По соседству, в здании школы, Карим показал Робу комнаты для осмотра больных, залы для лекций и лаборатории, кухню и общую столовую, а также просторную баню, которой пользовались и преподаватели, и учащиеся.
— У нас сорок восемь лекарей и хирургов, однако не все они читают лекции. Учащихся-медиков, считая с тобой, двадцать семь. И каждый проходит обучение последовательно у нескольких разных лекарей. Обучение у каждого лекаря длится по-разному, в зависимости от успехов учащегося, и продолжительность обучения в школе тоже разная. Тебе велят готовиться к устному испытанию тогда, когда преподаватели, чтоб шайтан подстелил им свой хвост, решат, что ты к этому готов. Если сдашь успешно, тебя станут величать хакимом[141]. Ну, а если провалишься, то останешься учащимся и должен будешь заслужить вторую попытку.
— А давно ли ты здесь?
Карим бросил на Роба сердитый взгляд, и тот понял, что такой вопрос задавать не следовало.

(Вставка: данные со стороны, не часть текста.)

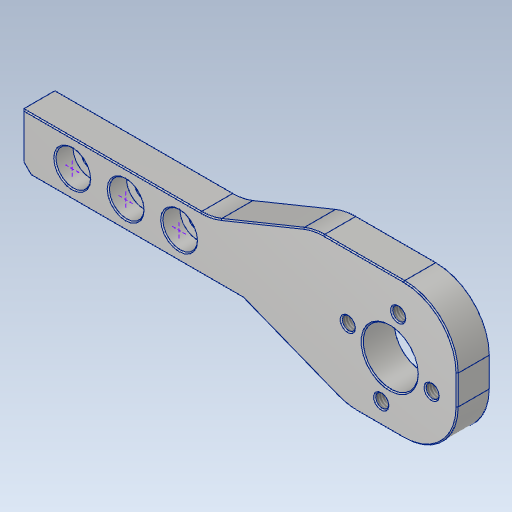
# Autodesk Inventor part: Xmovementarm
Saved by Autodesk Inventor 2020 (Build 240168000, 168)
## iProperties
Created: 2019-01-13
Part Number: Xmovementarm
Material: Aluminum 6061
Document SubType Name: Modeling
Designer: LillaHunden
Density: 2.7 g/cm^3
Appearance: Aluminum - Flat
Mass: 17.0465 g
Surface Area: 40.0048 cm^2
Volume: 6.31351 cm^3
Author: LillaHunden
Autodesk Inventor part; units mm, degrees
ref_plane "YZ Plane" through (0, 0, 0) normal (1, 0, 0) x (0, 1, 0)
ref_plane "XZ Plane" through (0, 0, 0) normal (0, 1, 0) x (-1, 0, 0)
ref_plane "XY Plane" through (0, 0, 0) normal (0, 0, 1) x (1, 0, 0)
sketch "Sketch1" plane through (0, 0, 0) normal (0, 0, 1) x (1, 0, 0)
  line L0 (86.0355, 17.7845) -> (59.096, 17.7845)
  line L1 (59.096, 17.7845) -> (59.096, 0)
  line L2 (65.4983, -7.6947) -> (86.0355, -7.6947)
  line L3 (86.0355, -7.6947) -> (86.0355, 17.7845)
  line L4 (6.25, 0) -> (40, 0) projected
  line L5 (40, 0) -> (40, 10) projected
  line L6 (4.75, 10) -> (40, 10) projected
  line L7 (40, 10) -> (59.096, 10)
  line L8 (40, 0) -> (59.096, 0)
  line L9 (59.096, 17.7845) -> (40, 10)
  circle A0 centre (34, 5) radius 2 projected
  line L10 (4.75, 10) -> (4.75, 1.5) projected
  circle A1 centre (14, 5) radius 1.5 projected
  circle A2 centre (34, 5) radius 1.5 projected
  circle A3 centre (24, 5) radius 1.5 projected
  line L11 (6.25, 0) -> (4.75, 1.5) projected
  line L12 (46, -2.9015) -> (46, 0) projected
  line L13 (65.4983, -7.6947) -> (46, 0)
  constraints: 16 end point, 3 perpendicular, 2 parallel, 1 horizontal, 1 point on line, 1 vertical alignment
extrude "Extrusion1" add sketch "Sketch1" along normal blind 6 contours L3 L2 L13 L8 L1 L0 | L1 L7 L9 | L1 L8 L5 L7 | L5 L4 L11 L10 L6 | A0 | A1 | A2 | A3
sketch "Sketch2" plane through (0, 0, 0) normal (0, 0, -1) x (-1, 0, 0)
  circle A0 centre (-73.4131, 4.0423) radius 11 construction
  spline S0 degree 3 poles (-70.2966, -4.0075) (-70.3394, -4.1944) (-70.4189, -4.3706) (-70.5284, -4.5282) (-70.5355, -4.5385) (-70.5428, -4.5487) (-70.5503, -4.5589) (-70.6442, -4.6873) (-70.7571, -4.8004) (-70.8853, -4.8928) (-70.903, -4.9055) (-70.921, -4.9179) (-70.9392, -4.9298) (-70.9477, -4.9354) (-70.9563, -4.9408) (-70.9649, -4.9462) (-71.0438, -4.9954) (-71.1272, -5.0364) (-71.2142, -5.0682) (-71.2658, -5.087) (-71.3187, -5.1025) (-71.3725, -5.1148) (-71.4037, -5.1219) (-71.4353, -5.1279) (-71.4671, -5.1328) (-71.6122, -5.1551) (-71.7606, -5.1543) (-71.906, -5.1306) (-71.9241, -5.1277) (-71.9422, -5.1244) (-71.9602, -5.1207) (-71.9711, -5.1185) (-71.9819, -5.1162) (-71.9928, -5.1137) (-72.0898, -5.0915) (-72.1841, -5.059) (-72.2734, -5.016) (-72.3457, -4.9813) (-72.4143, -4.9399) (-72.478, -4.8918) (-72.4941, -4.8797) (-72.5098, -4.8672) (-72.5244, -4.8525) knots 0 0 0 0 0.200829 0.200829 0.200829 0.213978 0.213978 0.213978 0.380655 0.380655 0.380655 0.403633 0.403633 0.403633 0.414319 0.414319 0.414319 0.512539 0.512539 0.512539 0.570815 0.570815 0.570815 0.60461 0.60461 0.60461 0.759068 0.759068 0.759068 0.77833 0.77833 0.77833 0.789949 0.789949 0.789949 0.894318 0.894318 0.894318 0.978751 0.978751 0.978751 1 1 1 1 construction
  arc A1 (-73.0648, -4.0495) -> (-72.5243, -4.8523) centre (-71.8254, -3.7985) ccw construction
  spline S1 degree 3 poles (-73.0648, -4.0495) (-73.1089, -3.9109) (-73.127, -3.7658) (-73.1216, -3.6205) (-73.121, -3.6026) (-73.12, -3.5847) (-73.1186, -3.5668) (-73.1178, -3.5567) (-73.117, -3.5466) (-73.116, -3.5366) (-73.1013, -3.3878) (-73.0625, -3.2423) (-73.0016, -3.1063) (-72.9947, -3.091) (-72.9875, -3.0757) (-72.9801, -3.0606) (-72.9752, -3.0506) (-72.9701, -3.0407) (-72.9649, -3.0308) (-72.923, -2.9506) (-72.8732, -2.8752) (-72.8161, -2.8057) (-72.7812, -2.7633) (-72.7435, -2.7231) (-72.7034, -2.6852) (-72.6914, -2.6738) (-72.6792, -2.6627) (-72.6668, -2.6518) (-72.6553, -2.6417) (-72.6436, -2.6318) (-72.6317, -2.622) (-72.5007, -2.5145) (-72.3507, -2.4308) (-72.19, -2.3729) (-72.1789, -2.3689) (-72.1678, -2.365) (-72.1566, -2.3613) (-72.062, -2.3296) (-71.9647, -2.3072) (-71.8662, -2.2944) (-71.8501, -2.2924) (-71.8341, -2.2905) (-71.818, -2.289) (-71.8062, -2.2878) (-71.7944, -2.2868) (-71.7826, -2.286) (-71.722, -2.2815) (-71.6612, -2.2808) (-71.6007, -2.2839) (-71.5723, -2.2854) (-71.544, -2.2877) (-71.5158, -2.2909) (-71.4916, -2.2936) (-71.4675, -2.297) (-71.4437, -2.3035) knots 0 0 0 0 0.153066 0.153066 0.153066 0.171917 0.171917 0.171917 0.182531 0.182531 0.182531 0.339556 0.339556 0.339556 0.35729 0.35729 0.35729 0.369023 0.369023 0.369023 0.464442 0.464442 0.464442 0.522742 0.522742 0.522742 0.540193 0.540193 0.540193 0.556325 0.556325 0.556325 0.734813 0.734813 0.734813 0.747126 0.747126 0.747126 0.851246 0.851246 0.851246 0.868176 0.868176 0.868176 0.880588 0.880588 0.880588 0.944403 0.944403 0.944403 0.974326 0.974326 0.974326 1 1 1 1 construction
  arc A2 (-70.2966, -4.0075) -> (-71.4439, -2.3035) centre (-71.8254, -3.7985) ccw construction
  spline S2 degree 3 poles (-64.0434, 5.421) (-64.0862, 5.2342) (-64.1657, 5.0579) (-64.2751, 4.9003) (-64.2823, 4.89) (-64.2896, 4.8798) (-64.297, 4.8697) (-64.404, 4.7235) (-64.5353, 4.5971) (-64.686, 4.4987) (-64.6945, 4.4932) (-64.703, 4.4877) (-64.7116, 4.4824) (-64.7906, 4.4331) (-64.874, 4.3921) (-64.9609, 4.3604) (-65.0125, 4.3415) (-65.0654, 4.326) (-65.1193, 4.3137) (-65.1359, 4.31) (-65.1526, 4.3065) (-65.1694, 4.3033) (-65.1842, 4.3006) (-65.199, 4.298) (-65.2138, 4.2957) (-65.359, 4.2734) (-65.5074, 4.2742) (-65.6528, 4.2979) (-65.6709, 4.3008) (-65.689, 4.3041) (-65.707, 4.3078) (-65.7179, 4.31) (-65.7287, 4.3124) (-65.7395, 4.3148) (-65.8246, 4.3343) (-65.9075, 4.3617) (-65.9869, 4.3971) (-65.9981, 4.402) (-66.0092, 4.4072) (-66.0202, 4.4125) (-66.0665, 4.4348) (-66.1114, 4.4598) (-66.1544, 4.4876) (-66.1784, 4.5031) (-66.2019, 4.5195) (-66.2248, 4.5367) (-66.2409, 4.5488) (-66.2566, 4.5613) (-66.2712, 4.576) knots 0 0 0 0 0.200829 0.200829 0.200829 0.213978 0.213978 0.213978 0.403633 0.403633 0.403633 0.414319 0.414319 0.414319 0.512539 0.512539 0.512539 0.570815 0.570815 0.570815 0.588808 0.588808 0.588808 0.60461 0.60461 0.60461 0.759068 0.759068 0.759068 0.77833 0.77833 0.77833 0.789949 0.789949 0.789949 0.881423 0.881423 0.881423 0.894318 0.894318 0.894318 0.948472 0.948472 0.948472 0.978751 0.978751 0.978751 1 1 1 1 construction
  arc A3 (-66.8115, 5.379) -> (-66.2711, 4.5762) centre (-65.5722, 5.63) ccw construction
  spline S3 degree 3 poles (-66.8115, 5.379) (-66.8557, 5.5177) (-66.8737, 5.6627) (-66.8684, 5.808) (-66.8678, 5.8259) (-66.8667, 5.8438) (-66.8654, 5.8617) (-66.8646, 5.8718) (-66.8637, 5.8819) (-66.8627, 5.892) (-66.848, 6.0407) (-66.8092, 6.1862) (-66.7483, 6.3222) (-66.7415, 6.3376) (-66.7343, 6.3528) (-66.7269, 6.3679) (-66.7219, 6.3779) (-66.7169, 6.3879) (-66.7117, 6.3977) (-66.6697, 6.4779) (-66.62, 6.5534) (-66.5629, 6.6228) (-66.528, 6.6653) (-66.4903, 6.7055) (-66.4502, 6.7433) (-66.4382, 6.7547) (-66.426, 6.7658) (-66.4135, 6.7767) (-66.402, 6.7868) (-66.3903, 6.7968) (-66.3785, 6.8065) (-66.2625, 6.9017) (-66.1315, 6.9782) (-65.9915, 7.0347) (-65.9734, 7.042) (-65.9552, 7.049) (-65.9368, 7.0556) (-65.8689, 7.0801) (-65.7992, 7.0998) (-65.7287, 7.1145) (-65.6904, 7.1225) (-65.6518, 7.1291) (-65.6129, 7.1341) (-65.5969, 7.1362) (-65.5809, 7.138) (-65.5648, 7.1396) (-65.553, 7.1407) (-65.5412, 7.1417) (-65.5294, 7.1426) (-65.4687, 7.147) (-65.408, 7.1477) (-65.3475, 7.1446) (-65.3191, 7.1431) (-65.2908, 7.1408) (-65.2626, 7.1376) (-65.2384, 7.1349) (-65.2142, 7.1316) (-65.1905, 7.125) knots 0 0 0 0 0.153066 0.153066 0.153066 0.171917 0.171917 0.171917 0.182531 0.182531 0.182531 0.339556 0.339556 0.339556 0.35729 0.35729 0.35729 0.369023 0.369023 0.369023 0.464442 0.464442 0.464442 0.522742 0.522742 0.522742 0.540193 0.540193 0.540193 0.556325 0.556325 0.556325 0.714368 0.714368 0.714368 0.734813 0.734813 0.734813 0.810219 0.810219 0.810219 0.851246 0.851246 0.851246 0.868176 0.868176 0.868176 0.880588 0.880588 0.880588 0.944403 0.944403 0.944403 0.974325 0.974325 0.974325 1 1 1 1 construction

— Семь лет. Я дважды проходил испытание. В прошлом году провалился на вопросах по философии. А вторая попытка была три недели назад, когда я недостаточно четко ответил на вопросы по законоведению. Да какое мне дело до истории логики или судебных прецедентов? Я уже сейчас хороший лекарь! — Он горько вздохнул. — Ты ведь должен посещать занятия не только по медицине, но и по праву, богословию и философии. Когда и что слушать — выбираешь сам. Лучше всего прослушивать одну и ту же лекцию несколько раз, — неохотно признался он, — потому что некоторые преподаватели относятся к тебе на экзамене более снисходительно, если привыкли видеть тебя на занятиях.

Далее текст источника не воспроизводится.